Now Issue 125171 - Linked JPG image not preserved when exported to PDF with loss-less compression
Comment 33 henrik_roseno 2014-06-28 16:07:31 UTC
Created attachment 83621 [details]
Cleaner version of the HTML-doc from: "Try exporting the HTML-doc in this ZIP-archive to PDF"

Here is a cleaner version of the HTML-document, i.e. no 'base'-tag etc., but still 4.5MB PDF-file.
Comment 34 Ariel Constenla-Haile 2014-06-29 20:32:50 UTC
(In reply to henrik_roseno from comment #33)

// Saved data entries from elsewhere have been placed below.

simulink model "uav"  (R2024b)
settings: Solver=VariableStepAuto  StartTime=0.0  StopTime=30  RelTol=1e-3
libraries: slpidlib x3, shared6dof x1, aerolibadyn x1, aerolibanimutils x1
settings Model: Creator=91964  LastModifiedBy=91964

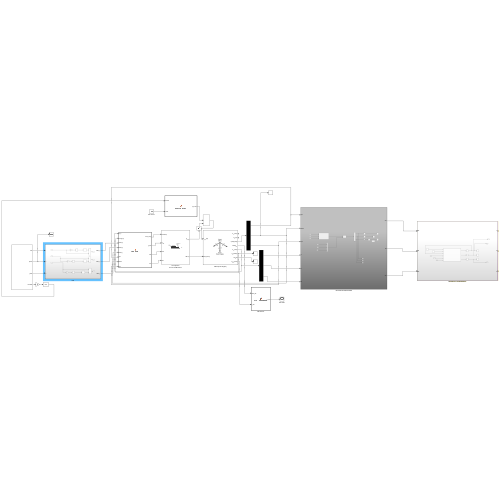
[thumbnail: Simulink's stored preview of the top-level diagram]
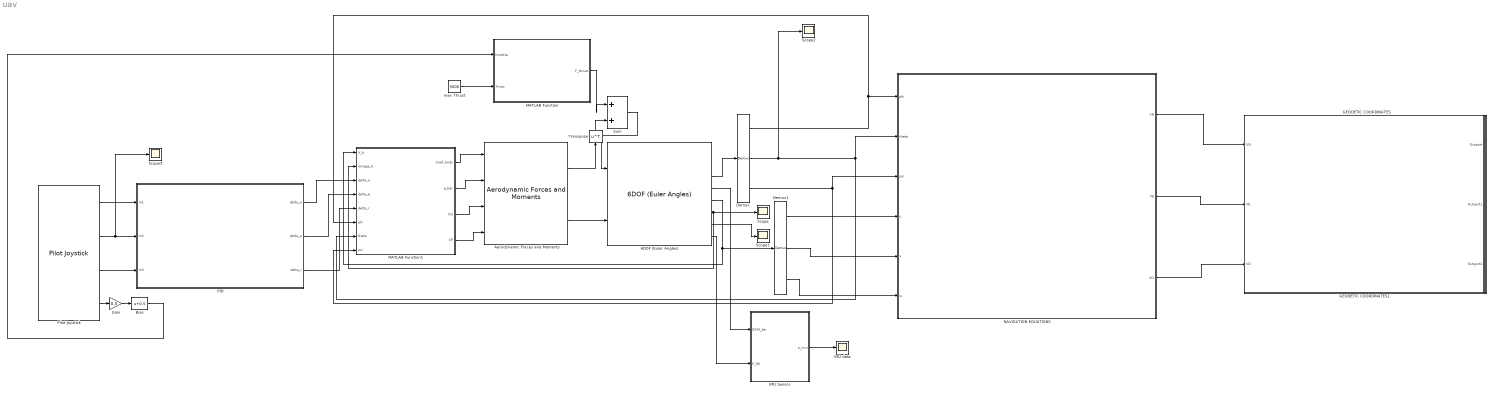
== system uav ==
  6DOF (Euler Angles) : shared6dof/6DOF (Euler Angles)  units=Metric (MKS)  mtype=Fixed  rep=Euler Angles  xme_0=[0 0 100]  Vm_0=[30 0 0]  eul_0=[0 0 0]  pm_0=[0 0 0]  mass_0=60  mass_e=0.5  mass_f=2.0  inertia=eye(3)  inertia_e=eye(3)  inertia_f=2*eye(3)  k_quat=1.0  vre_flag=on  abi_flag=off  aMode=0  xme_statename=''  Vm_statename=''  eul_statename=''  quat_statename=''  pm_statename=''  mass_statename=''
  "Aerodynamic Forces and Moments " : aerolibadyn/Aerodynamic Forces and Moments   inputAxes=Body  outputForceAxes=Body  outputMomentAxes=Body  S=1  b=1  cbar=1
  Bias : Bias  Bias=0.5  SaturateOnIntegerOverflow=off
  Demux : Demux  Outputs=3
  Demux1 : Demux  Outputs=3
  GEODETIC COORDINATES : Subsystem
  GEODETIC COORDINATES1 : Subsystem
  Gain : Gain  Gain=0.5
  IMU Sensor : MATLAB Function  TreatAsAtomicUnit=on
  IMU data : Scope
  MATLAB Function : MATLAB Function  TreatAsAtomicUnit=on
  MATLAB Function1 : MATLAB Function  TreatAsAtomicUnit=on
  NAVIGATION EQUATIONS : Subsystem
  PID : Subsystem
  Pilot Joystick : aerolibanimutils/Pilot Joystick  JoystickID=Joystick1  OutputConfiguration=FourAxis  SampleTime=1/30
  Scope{,1..3} (4 alike) : Scope
  Sum : Sum  Inputs=|++
  Transpose : Math  Operator=transpose
  "max Thrust " : Constant  Value=5000
  wires:
  "Aerodynamic Forces and Moments "/1 -> Transpose/1
  "Aerodynamic Forces and Moments "/2 -> 6DOF (Euler Angles)/2
  NAVIGATION EQUATIONS/2(VE) -> GEODETIC COORDINATES/2(VE)
  NAVIGATION EQUATIONS/1(VN) -> GEODETIC COORDINATES/1(VN)
  NAVIGATION EQUATIONS/3(VD) -> GEODETIC COORDINATES/3(VD)
  Demux/2 -> MATLAB Function1/7(theta), NAVIGATION EQUATIONS/2(theta), Scope2/1
  6DOF (Euler Angles)/3 -> Demux/1
  Demux/3 -> MATLAB Function1/8(psi), NAVIGATION EQUATIONS/3(psi)
  6DOF (Euler Angles)/5 -> MATLAB Function1/1(V_b), Demux1/1
  Demux1/1 -> NAVIGATION EQUATIONS/4(u)
  Demux1/2 -> NAVIGATION EQUATIONS/5(v)
  Demux1/3 -> NAVIGATION EQUATIONS/6(w)
  Pilot Joystick/1 -> PID/1(In1)
  Pilot Joystick/2 -> Scope3/1, PID/2(In2)
  Pilot Joystick/3 -> PID/3(In3)
  PID/1(delta_a) -> MATLAB Function1/3(delta_a)
  PID/2(delta_e) -> MATLAB Function1/4(delta_e)
  PID/3(delta_r) -> MATLAB Function1/5(delta_r)
  6DOF (Euler Angles)/4 -> IMU Sensor/1(DCM_be)
  6DOF (Euler Angles)/8 -> IMU Sensor/2(A_bb)
  IMU Sensor/1(a_imu) -> IMU data/1
  6DOF (Euler Angles)/6 -> MATLAB Function1/2(omega_b), Scope/1
  6DOF (Euler Angles)/7 -> Scope1/1
  Pilot Joystick/4 -> Gain/1
  "max Thrust "/1 -> MATLAB Function/2(Tmax)
  Gain/1 -> Bias/1
  Bias/1 -> MATLAB Function/1(throttle)
  MATLAB Function/1(F_thrust) -> Sum/1
  Sum/1 -> 6DOF (Euler Angles)/1
  Transpose/1 -> Sum/2
  Demux/1 -> MATLAB Function1/6(phi), NAVIGATION EQUATIONS/1(phi)
  MATLAB Function1/1(Coef_body) -> "Aerodynamic Forces and Moments "/1
  MATLAB Function1/2(q_bar) -> "Aerodynamic Forces and Moments "/2
  MATLAB Function1/3(CG) -> "Aerodynamic Forces and Moments "/3
  MATLAB Function1/4(CP) -> "Aerodynamic Forces and Moments "/4

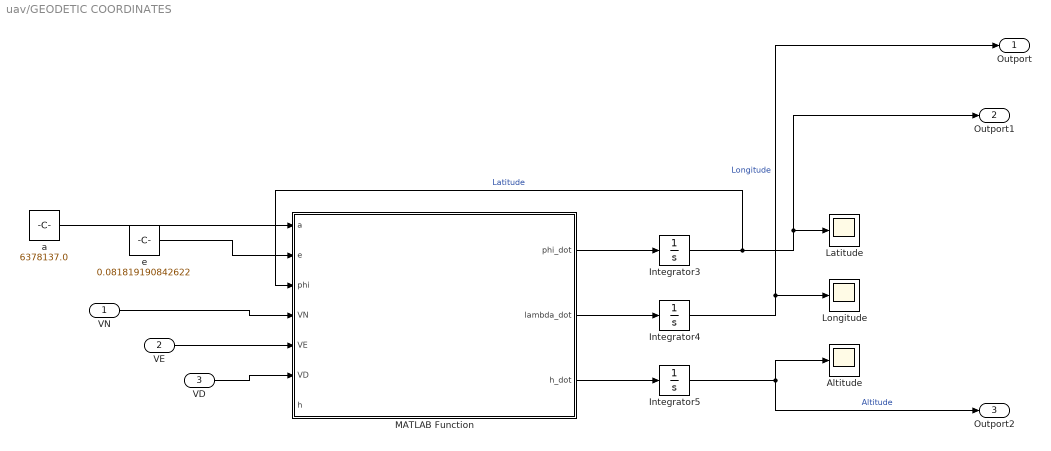
== system uav/GEODETIC COORDINATES ==
  VN : Inport
  VE : Inport  Port=2
  VD : Inport  Port=3
  Altitude : Scope
  Integrator3 : Integrator
  Integrator4 : Integrator
  Integrator5 : Integrator
  Latitude : Scope
  Longitude : Scope
  MATLAB Function : MATLAB Function  TreatAsAtomicUnit=on
  a : Constant  Value=6378137.0
  e : Constant  Value=0.081819190842622
  Outport : Outport
  Outport1 : Outport  Port=2
  Outport2 : Outport  Port=3
  wires:
  MATLAB Function/3(h_dot) -> Integrator5/1
  e/1 -> MATLAB Function/2(e)
  MATLAB Function/2(lambda_dot) -> Integrator4/1
  MATLAB Function/1(phi_dot) -> Integrator3/1
  a/1 -> MATLAB Function/1(a)
  Integrator4/1 -> Outport/1, Longitude/1  "Longitude"
  Integrator3/1 -> MATLAB Function/3(phi), Outport1/1, Latitude/1  "Latitude"
  Integrator5/1 -> Altitude/1, Outport2/1  "Altitude"
  VN/1 -> MATLAB Function/4(VN)
  VD/1 -> MATLAB Function/6(VD)
  VE/1 -> MATLAB Function/5(VE)

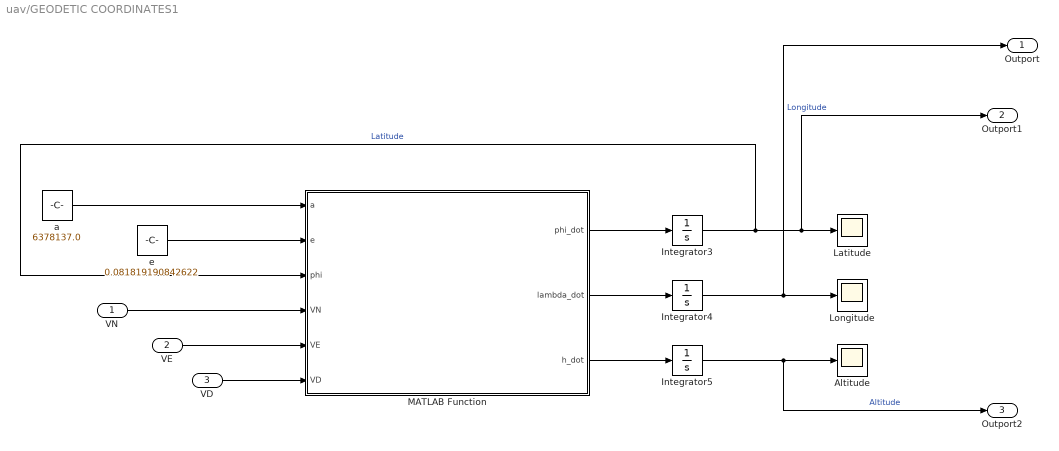
== system uav/GEODETIC COORDINATES1 ==
  VN : Inport
  VE : Inport  Port=2
  VD : Inport  Port=3
  Altitude : Scope
  Integrator3 : Integrator
  Integrator4 : Integrator
  Integrator5 : Integrator
  Latitude : Scope
  Longitude : Scope
  MATLAB Function : MATLAB Function  TreatAsAtomicUnit=on
  a : Constant  Value=6378137.0
  e : Constant  Value=0.081819190842622
  Outport : Outport
  Outport1 : Outport  Port=2
  Outport2 : Outport  Port=3
  wires:
  VE/1 -> MATLAB Function/5(VE)
  VD/1 -> MATLAB Function/6(VD)
  VN/1 -> MATLAB Function/4(VN)
  Integrator5/1 -> Altitude/1, Outport2/1  "Altitude"
  Integrator3/1 -> Latitude/1, Outport1/1, MATLAB Function/3(phi)  "Latitude"
  Integrator4/1 -> Longitude/1, Outport/1  "Longitude"
  a/1 -> MATLAB Function/1(a)
  MATLAB Function/1(phi_dot) -> Integrator3/1
  MATLAB Function/2(lambda_dot) -> Integrator4/1
  e/1 -> MATLAB Function/2(e)
  MATLAB Function/3(h_dot) -> Integrator5/1

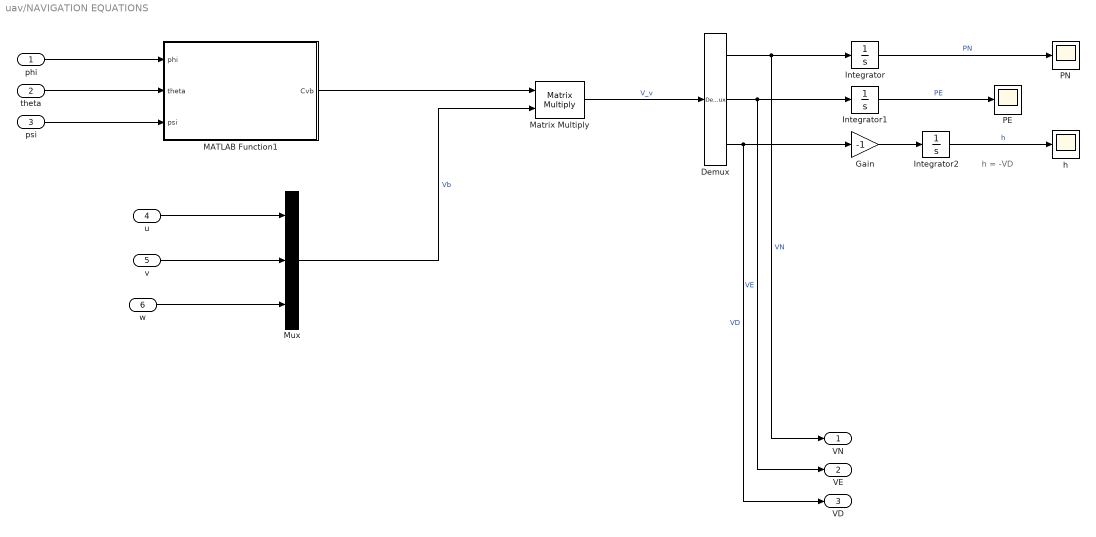
== system uav/NAVIGATION EQUATIONS ==
  note: h = -VD
  phi : Inport
  theta : Inport  Port=2
  psi : Inport  Port=3
  u : Inport  Port=4
  v : Inport  Port=5
  w : Inport  Port=6
  Demux : Demux  Outputs=3
  Gain : Gain  Gain=-1
  Integrator : Integrator
  Integrator1 : Integrator
  Integrator2 : Integrator
  MATLAB Function1 : MATLAB Function  TreatAsAtomicUnit=on
  Matrix Multiply : Product  Multiplication=Matrix(*)
  Mux : Mux  Inputs=3
  PE : Scope
  PN : Scope
  h : Scope
  VN : Outport
  VE : Outport  Port=2
  VD : Outport  Port=3
  wires:
  Demux/1 -> VN/1, Integrator/1  "VN"
  Gain/1 -> Integrator2/1
  Demux/2 -> VE/1, Integrator1/1  "VE"
  Mux/1 -> Matrix Multiply/2  "Vb"
  MATLAB Function1/1(Cvb) -> Matrix Multiply/1
  Demux/3 -> VD/1, Gain/1  "VD"
  v/1 -> Mux/2
  Integrator/1 -> PN/1  "PN"
  Matrix Multiply/1 -> Demux/1  "V_v"
  Integrator1/1 -> PE/1  "PE"
  Integrator2/1 -> h/1  "h"
  theta/1 -> MATLAB Function1/2(theta)
  psi/1 -> MATLAB Function1/3(psi)
  w/1 -> Mux/3
  u/1 -> Mux/1
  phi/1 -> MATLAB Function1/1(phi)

> Created attachment 83621 [details]
> Cleaner version of the HTML-doc from: "Try exporting the HTML-doc in this
> ZIP-archive to PDF"
> 
> Here is a cleaner version of the HTML-document, i.e. no 'base'-tag etc., but
> still 4.5MB PDF-file.

Yes, it does not make any difference; the problem is with *linked* graphics, it does not matter if they are pointing to the www or relative to the document.